Ma è tormentato dal dubbio. L’arrivo delle donne, esiliate su un
altro pianeta in quanto residuo di un’umanità debole e sconfitta,
rende più torbido il dramma che rapidamente evolve verso la catastrofe.
Il brano n.1 («Prefonia»: Alquanto lento e incolore), prelude alla
scena iniziale; alle ultime battute si alza il sipario, rivelando
l’interno di una cabina radiotelegrafica della centrale aerea. Un
uomo, al tavolino, improvvisamente si alza e resta in ascolto della
musica, esclamando stupito: «Questa notte l’aria vibra di rumori
strani [...] Lontano una nube di avvoltoi scudiscia l’aria con stridule
risate». Il n.2 («Commento I») si riferisce all’arrivo dell’ambasciatrice
delle donne, le quali vorrebbero diventare le compagne degli uomini.
Bacal rifiuta le profferte con veemenza e dà alla donna una prova
di forza distruggendo l’aeroflotta. La musica, da eseguirsi «con
energia» e «ben ritmata», commenta la scena della distruzione: i
violini attaccano in tessitura altissima, con sordina ma fortissimo,
mentre le ottave spezzate del pianoforte, in rapida ribattuta e
in crescendo, rispondono a un effetto di «colore». Il n.3 («Interludio»)

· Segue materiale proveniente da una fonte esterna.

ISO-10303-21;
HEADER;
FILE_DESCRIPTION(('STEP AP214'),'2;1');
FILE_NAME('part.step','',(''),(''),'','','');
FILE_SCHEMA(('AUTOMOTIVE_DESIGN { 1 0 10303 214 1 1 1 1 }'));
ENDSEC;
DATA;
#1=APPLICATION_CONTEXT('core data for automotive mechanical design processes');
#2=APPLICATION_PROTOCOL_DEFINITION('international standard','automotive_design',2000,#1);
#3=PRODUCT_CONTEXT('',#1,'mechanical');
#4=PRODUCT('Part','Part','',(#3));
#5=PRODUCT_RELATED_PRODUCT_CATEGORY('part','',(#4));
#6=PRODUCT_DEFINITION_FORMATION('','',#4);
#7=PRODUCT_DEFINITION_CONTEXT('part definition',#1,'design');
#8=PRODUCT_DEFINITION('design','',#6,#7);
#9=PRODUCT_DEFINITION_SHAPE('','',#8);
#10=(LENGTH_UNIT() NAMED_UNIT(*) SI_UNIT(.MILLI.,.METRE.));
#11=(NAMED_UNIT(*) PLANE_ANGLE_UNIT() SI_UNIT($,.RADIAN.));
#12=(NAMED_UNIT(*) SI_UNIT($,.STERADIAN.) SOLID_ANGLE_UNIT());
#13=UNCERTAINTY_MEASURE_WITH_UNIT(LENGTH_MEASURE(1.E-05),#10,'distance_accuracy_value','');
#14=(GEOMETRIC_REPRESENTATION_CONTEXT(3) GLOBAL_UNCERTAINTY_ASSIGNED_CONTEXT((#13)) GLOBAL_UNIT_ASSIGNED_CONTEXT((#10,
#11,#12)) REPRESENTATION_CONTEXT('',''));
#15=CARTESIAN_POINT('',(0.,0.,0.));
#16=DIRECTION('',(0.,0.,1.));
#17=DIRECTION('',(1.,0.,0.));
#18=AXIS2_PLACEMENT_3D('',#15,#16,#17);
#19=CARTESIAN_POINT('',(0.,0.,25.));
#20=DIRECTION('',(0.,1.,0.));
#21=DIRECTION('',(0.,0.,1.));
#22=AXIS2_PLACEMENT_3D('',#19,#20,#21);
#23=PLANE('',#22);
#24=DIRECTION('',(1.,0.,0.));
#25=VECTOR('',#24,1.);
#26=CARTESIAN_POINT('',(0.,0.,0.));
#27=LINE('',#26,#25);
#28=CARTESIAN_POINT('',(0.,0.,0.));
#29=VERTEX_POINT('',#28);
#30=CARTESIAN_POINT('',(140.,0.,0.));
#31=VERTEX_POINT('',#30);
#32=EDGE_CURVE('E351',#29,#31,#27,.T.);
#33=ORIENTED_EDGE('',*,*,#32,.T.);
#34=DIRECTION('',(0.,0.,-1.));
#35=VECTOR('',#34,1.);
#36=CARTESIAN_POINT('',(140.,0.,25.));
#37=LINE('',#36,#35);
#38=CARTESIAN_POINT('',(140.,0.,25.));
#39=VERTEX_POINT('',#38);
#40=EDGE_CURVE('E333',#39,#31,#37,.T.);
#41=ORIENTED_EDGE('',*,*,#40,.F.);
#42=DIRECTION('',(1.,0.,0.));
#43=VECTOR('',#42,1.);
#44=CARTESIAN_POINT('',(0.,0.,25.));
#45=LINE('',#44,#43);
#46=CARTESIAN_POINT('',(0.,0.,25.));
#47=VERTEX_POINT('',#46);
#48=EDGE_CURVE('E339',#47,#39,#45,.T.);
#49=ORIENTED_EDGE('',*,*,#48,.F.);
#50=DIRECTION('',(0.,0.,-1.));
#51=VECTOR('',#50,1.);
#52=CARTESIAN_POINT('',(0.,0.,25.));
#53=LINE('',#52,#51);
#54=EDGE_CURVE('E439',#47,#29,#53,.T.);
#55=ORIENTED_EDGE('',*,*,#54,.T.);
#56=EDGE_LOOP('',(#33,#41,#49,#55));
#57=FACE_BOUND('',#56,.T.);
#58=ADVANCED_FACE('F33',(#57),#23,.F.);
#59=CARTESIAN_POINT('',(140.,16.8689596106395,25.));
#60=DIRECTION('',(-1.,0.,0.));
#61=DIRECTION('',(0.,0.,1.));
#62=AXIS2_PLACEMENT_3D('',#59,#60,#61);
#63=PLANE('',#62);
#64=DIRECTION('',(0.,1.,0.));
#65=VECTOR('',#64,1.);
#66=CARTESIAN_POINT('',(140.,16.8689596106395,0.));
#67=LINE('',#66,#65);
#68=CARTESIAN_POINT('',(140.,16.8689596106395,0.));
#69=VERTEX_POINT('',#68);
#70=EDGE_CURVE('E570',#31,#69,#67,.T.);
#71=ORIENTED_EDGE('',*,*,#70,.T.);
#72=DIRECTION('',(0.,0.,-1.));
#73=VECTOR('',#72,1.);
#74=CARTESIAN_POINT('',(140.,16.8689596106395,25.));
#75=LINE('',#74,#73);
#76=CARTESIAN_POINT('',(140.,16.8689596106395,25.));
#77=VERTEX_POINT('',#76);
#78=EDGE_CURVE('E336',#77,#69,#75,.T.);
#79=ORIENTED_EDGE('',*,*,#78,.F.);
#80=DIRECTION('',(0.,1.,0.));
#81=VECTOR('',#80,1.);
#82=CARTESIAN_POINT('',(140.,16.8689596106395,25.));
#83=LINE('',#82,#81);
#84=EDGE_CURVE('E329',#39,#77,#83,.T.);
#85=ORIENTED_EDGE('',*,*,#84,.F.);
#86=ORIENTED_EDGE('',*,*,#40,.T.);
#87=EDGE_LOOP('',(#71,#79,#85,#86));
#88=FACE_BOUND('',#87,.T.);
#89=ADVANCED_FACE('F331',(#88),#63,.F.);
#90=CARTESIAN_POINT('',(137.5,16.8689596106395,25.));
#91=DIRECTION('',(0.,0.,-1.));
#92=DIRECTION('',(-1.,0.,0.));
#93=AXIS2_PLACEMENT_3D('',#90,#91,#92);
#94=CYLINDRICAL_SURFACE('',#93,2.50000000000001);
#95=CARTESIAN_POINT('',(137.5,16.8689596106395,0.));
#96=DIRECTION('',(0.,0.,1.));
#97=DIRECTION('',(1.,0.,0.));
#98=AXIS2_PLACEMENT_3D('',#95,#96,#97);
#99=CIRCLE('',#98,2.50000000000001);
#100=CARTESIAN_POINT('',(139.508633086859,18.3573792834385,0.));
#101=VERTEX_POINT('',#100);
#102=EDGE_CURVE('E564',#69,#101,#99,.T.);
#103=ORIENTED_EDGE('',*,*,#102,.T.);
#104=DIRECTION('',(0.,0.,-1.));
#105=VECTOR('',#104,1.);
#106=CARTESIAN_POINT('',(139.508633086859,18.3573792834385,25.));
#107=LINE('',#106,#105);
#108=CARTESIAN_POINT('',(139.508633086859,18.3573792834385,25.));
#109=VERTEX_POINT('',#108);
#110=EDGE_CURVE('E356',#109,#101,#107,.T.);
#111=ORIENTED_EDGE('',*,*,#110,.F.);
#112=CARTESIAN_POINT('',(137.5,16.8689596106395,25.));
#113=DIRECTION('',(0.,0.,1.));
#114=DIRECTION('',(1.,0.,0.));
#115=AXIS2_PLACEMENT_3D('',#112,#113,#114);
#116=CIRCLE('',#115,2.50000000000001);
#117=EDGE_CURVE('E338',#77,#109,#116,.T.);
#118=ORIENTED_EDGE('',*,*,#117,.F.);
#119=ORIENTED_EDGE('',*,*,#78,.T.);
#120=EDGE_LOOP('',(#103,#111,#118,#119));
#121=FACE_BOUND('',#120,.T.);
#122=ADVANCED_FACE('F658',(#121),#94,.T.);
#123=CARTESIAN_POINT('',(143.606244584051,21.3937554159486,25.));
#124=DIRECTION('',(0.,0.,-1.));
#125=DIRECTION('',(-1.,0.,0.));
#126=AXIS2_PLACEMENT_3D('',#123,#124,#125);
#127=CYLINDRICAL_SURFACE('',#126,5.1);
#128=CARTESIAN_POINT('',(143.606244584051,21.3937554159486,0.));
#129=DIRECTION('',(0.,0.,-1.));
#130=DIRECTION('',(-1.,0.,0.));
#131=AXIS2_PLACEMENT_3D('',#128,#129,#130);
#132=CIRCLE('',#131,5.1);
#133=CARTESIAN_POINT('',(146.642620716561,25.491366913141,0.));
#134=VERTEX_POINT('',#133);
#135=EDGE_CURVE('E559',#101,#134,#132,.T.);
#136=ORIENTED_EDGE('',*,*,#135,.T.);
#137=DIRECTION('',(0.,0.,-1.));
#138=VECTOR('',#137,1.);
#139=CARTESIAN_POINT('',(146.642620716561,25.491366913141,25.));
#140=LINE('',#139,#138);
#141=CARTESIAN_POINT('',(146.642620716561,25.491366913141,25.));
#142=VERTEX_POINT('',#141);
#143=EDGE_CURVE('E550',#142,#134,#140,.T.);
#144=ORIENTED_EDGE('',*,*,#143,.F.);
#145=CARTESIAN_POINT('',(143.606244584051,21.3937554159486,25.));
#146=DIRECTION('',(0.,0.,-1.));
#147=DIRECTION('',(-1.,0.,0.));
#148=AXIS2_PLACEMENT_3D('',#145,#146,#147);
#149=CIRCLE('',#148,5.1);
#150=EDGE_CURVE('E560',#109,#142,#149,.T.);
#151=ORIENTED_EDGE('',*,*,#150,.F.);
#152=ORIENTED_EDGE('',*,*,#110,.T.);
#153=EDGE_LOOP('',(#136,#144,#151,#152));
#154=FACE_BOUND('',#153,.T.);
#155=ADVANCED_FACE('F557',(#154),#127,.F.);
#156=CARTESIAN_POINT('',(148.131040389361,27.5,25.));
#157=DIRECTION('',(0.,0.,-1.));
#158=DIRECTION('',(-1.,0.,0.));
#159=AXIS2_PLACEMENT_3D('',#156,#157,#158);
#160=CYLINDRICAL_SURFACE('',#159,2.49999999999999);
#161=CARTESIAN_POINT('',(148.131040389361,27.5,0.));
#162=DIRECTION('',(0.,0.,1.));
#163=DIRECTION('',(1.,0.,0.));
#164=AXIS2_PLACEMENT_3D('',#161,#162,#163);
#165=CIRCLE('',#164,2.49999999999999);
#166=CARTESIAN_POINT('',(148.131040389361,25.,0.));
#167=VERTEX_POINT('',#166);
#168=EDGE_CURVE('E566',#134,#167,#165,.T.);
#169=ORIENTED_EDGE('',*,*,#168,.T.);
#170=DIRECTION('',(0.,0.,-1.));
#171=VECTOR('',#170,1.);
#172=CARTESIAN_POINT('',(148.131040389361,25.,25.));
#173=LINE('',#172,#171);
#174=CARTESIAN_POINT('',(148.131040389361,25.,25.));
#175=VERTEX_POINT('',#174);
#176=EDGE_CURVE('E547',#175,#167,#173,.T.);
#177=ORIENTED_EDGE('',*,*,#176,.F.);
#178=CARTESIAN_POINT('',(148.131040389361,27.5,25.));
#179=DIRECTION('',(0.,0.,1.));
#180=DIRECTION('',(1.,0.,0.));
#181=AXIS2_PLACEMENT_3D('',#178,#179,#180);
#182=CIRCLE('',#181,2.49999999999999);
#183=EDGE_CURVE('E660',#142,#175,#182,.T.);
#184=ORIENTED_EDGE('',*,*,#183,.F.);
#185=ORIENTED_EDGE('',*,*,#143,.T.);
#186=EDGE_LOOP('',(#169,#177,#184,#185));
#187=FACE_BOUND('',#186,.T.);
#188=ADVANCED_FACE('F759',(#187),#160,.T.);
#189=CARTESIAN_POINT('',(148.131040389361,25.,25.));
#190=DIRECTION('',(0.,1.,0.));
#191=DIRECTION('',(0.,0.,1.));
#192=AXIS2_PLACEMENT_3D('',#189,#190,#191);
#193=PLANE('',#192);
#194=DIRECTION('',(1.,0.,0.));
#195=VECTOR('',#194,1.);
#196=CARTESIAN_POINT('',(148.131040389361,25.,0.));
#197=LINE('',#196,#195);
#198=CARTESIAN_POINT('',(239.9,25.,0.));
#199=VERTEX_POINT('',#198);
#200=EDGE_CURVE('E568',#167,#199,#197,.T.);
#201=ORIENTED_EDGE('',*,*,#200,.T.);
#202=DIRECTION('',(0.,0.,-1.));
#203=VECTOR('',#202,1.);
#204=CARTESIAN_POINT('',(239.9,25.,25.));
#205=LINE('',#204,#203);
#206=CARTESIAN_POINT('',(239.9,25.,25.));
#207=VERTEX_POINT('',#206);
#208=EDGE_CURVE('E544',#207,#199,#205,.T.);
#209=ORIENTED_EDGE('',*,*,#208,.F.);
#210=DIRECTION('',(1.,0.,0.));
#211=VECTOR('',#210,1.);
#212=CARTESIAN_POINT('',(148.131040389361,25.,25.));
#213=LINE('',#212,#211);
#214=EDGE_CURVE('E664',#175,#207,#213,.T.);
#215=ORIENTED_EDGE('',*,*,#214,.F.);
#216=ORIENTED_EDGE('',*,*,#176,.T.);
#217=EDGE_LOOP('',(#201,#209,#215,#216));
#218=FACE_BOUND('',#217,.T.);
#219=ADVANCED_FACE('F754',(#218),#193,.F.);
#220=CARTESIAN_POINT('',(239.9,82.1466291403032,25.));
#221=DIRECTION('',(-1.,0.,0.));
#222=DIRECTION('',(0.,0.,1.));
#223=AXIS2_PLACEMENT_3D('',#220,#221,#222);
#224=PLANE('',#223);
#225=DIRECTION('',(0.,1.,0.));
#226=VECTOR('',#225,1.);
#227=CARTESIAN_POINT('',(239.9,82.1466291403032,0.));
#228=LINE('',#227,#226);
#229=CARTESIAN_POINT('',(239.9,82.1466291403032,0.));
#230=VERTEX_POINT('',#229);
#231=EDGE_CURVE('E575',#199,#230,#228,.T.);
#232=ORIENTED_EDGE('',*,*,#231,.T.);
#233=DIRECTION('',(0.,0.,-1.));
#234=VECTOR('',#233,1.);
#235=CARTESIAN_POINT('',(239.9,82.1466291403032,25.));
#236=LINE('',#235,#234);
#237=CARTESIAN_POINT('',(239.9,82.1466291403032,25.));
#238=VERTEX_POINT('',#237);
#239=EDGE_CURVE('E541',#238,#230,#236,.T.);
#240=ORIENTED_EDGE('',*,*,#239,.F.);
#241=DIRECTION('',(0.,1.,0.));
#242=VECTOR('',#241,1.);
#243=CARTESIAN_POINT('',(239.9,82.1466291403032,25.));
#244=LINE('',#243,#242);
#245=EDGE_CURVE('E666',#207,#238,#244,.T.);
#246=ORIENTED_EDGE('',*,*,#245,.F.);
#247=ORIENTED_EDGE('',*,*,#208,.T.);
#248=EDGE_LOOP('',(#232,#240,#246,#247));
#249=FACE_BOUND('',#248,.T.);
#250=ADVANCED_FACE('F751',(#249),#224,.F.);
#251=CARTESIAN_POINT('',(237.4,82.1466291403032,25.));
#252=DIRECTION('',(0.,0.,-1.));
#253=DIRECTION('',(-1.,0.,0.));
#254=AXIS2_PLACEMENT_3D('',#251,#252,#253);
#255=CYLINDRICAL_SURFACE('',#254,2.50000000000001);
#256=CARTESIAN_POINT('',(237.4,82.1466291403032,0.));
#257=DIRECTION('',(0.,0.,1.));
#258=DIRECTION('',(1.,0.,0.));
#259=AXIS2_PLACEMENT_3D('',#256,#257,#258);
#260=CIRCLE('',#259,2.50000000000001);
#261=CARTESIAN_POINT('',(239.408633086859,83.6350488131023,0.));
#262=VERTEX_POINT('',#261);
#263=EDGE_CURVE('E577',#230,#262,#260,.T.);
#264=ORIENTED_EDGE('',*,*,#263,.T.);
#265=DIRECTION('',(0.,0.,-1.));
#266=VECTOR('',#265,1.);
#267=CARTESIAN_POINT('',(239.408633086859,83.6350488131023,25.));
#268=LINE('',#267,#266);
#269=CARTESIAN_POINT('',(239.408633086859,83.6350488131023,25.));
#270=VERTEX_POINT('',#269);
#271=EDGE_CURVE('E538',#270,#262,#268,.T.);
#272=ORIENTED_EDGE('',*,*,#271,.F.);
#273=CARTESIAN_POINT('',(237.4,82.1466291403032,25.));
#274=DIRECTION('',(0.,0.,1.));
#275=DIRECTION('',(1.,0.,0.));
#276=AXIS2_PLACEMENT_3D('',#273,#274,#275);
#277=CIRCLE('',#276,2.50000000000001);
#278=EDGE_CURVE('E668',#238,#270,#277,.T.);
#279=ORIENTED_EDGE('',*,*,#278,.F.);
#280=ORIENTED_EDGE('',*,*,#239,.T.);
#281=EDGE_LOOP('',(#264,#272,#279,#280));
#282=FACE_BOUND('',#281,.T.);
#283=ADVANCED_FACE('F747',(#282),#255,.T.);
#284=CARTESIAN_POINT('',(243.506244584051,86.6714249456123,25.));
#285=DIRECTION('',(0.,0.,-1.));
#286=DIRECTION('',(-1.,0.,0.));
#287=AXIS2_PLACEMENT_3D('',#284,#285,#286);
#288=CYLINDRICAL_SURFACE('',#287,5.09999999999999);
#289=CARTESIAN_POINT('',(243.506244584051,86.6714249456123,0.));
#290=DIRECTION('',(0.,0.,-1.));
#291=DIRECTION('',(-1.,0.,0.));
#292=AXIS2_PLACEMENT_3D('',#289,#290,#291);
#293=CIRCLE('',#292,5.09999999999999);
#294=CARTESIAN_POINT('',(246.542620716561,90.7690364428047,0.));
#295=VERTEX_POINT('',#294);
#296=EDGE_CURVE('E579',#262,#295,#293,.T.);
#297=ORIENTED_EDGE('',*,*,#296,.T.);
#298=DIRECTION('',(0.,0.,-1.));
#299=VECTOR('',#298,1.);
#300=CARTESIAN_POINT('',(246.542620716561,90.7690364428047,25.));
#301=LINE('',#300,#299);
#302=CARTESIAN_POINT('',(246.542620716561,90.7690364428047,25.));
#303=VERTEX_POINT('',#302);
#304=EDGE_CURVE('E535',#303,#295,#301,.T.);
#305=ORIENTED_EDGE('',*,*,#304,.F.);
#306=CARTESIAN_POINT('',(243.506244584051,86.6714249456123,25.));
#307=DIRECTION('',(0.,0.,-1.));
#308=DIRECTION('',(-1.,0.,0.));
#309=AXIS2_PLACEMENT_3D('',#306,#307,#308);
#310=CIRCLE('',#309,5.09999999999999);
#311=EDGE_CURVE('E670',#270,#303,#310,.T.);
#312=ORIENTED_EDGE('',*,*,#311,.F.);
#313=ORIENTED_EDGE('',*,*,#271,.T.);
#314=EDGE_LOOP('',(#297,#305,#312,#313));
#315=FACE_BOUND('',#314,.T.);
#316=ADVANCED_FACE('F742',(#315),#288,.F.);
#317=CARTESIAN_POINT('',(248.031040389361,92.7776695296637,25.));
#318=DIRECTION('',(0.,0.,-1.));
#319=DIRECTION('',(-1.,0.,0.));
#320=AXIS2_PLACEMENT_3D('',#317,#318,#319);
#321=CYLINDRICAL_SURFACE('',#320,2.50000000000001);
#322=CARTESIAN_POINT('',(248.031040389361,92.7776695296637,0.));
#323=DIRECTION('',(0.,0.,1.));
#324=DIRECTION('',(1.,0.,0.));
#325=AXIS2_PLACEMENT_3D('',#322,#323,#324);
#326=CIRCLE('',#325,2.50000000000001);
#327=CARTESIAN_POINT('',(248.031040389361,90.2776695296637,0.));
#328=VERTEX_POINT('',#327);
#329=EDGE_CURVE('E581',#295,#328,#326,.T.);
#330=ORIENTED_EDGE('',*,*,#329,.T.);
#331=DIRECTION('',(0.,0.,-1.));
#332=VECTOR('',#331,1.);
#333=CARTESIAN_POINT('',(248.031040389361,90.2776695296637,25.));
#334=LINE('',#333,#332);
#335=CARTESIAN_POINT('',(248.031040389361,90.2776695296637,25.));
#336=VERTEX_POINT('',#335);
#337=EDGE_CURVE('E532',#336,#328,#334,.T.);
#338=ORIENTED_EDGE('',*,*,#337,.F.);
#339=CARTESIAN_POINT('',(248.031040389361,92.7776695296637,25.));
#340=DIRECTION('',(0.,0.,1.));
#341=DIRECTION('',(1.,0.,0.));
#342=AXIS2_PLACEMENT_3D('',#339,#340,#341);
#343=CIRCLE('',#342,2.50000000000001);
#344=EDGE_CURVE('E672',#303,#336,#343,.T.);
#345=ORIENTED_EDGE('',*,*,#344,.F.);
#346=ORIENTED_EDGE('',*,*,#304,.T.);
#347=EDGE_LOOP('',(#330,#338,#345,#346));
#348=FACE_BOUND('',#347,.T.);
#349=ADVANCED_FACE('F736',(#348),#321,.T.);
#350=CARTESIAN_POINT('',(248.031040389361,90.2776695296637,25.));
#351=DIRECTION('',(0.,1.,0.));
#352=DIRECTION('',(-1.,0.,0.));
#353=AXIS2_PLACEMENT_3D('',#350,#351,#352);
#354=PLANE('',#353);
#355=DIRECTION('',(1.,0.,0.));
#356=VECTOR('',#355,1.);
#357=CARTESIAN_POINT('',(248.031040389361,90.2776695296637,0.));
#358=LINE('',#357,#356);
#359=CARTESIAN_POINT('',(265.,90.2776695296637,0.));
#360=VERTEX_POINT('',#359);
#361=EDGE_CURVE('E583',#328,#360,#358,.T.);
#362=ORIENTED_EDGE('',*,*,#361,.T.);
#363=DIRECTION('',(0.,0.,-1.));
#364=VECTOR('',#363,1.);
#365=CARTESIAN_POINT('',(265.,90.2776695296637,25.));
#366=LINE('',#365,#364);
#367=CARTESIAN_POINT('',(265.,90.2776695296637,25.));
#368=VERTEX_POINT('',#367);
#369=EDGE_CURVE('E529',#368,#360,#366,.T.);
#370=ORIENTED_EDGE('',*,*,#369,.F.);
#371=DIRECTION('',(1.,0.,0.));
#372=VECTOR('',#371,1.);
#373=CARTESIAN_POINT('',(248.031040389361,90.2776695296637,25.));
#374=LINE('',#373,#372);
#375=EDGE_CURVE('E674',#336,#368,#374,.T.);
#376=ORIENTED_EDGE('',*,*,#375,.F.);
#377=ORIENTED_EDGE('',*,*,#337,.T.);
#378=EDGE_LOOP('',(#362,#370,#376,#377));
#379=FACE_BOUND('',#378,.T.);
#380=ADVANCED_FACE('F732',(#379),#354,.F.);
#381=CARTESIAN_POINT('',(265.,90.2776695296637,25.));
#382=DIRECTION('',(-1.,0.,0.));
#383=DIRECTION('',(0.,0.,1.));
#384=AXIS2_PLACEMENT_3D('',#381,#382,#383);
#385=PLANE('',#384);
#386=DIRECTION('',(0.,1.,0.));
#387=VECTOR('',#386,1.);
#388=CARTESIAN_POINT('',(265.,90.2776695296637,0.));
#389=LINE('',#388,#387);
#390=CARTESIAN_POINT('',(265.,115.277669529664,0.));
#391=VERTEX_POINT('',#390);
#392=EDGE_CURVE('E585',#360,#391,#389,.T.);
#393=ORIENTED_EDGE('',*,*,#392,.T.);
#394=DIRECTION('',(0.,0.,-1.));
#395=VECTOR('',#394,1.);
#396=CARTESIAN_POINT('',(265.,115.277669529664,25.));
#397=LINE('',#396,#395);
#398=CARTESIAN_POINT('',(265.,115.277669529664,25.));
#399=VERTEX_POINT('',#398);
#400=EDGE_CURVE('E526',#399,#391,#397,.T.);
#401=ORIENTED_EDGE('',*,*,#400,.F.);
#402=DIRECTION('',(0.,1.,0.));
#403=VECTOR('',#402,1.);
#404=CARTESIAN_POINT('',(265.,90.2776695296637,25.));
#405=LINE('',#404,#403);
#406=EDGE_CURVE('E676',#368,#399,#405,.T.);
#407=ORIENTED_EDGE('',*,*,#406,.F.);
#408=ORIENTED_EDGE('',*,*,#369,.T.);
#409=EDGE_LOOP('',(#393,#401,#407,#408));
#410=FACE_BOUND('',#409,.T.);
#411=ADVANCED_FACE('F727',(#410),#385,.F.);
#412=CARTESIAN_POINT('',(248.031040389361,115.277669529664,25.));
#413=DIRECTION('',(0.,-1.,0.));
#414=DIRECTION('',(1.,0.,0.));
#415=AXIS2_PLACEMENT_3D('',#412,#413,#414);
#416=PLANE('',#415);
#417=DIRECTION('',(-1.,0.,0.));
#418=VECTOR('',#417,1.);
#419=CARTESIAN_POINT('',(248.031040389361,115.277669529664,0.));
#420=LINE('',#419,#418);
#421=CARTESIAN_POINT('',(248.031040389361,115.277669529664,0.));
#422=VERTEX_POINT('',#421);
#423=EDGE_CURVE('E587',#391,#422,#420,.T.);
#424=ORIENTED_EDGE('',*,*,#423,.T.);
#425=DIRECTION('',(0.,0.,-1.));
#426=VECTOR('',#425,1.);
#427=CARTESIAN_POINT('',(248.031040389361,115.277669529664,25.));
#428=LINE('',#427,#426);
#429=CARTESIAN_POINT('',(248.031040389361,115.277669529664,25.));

introduce l’atto II, ambientato nel laboratorio di Tonchir. Come
in altri lavori di Mix, la musica si spezza in una dilatazione violenta
dello spazio dinamico, con la contrapposizione secca di pianissimo
e fortissimo. All’improvviso l’andamento in 4/4 si interrompe per
un martellante 5/4, fff e «rallentando», che segna la climax del
brano («col massimo fragore», «sforzatissimo e secco»). Poi una
pausa ci riporta al «pianissimo e cupo» di un Molto lento e misterioso,
dove è prescritto agli ottoni di «soffiare nello strumento senza
levare il suono». Al tacere della musica si assiste ai dubbi e alle
angosce di Tonchir, artefice di un mondo meccanizzato del quale
non vede più i benefici. Nella sua mente si affollano i rimorsi,
fino all’apparizione di tre ombre, ricordo allucinato di una condizione
umana ormai perduta. Il n.4 («Commento II») è di una brevità aforistica:
cinque battute soltanto, a note lunghe (Calmissimo e metafisico),
che accompagnano il rialzarsi di Tonchir, trasognato e smarrito.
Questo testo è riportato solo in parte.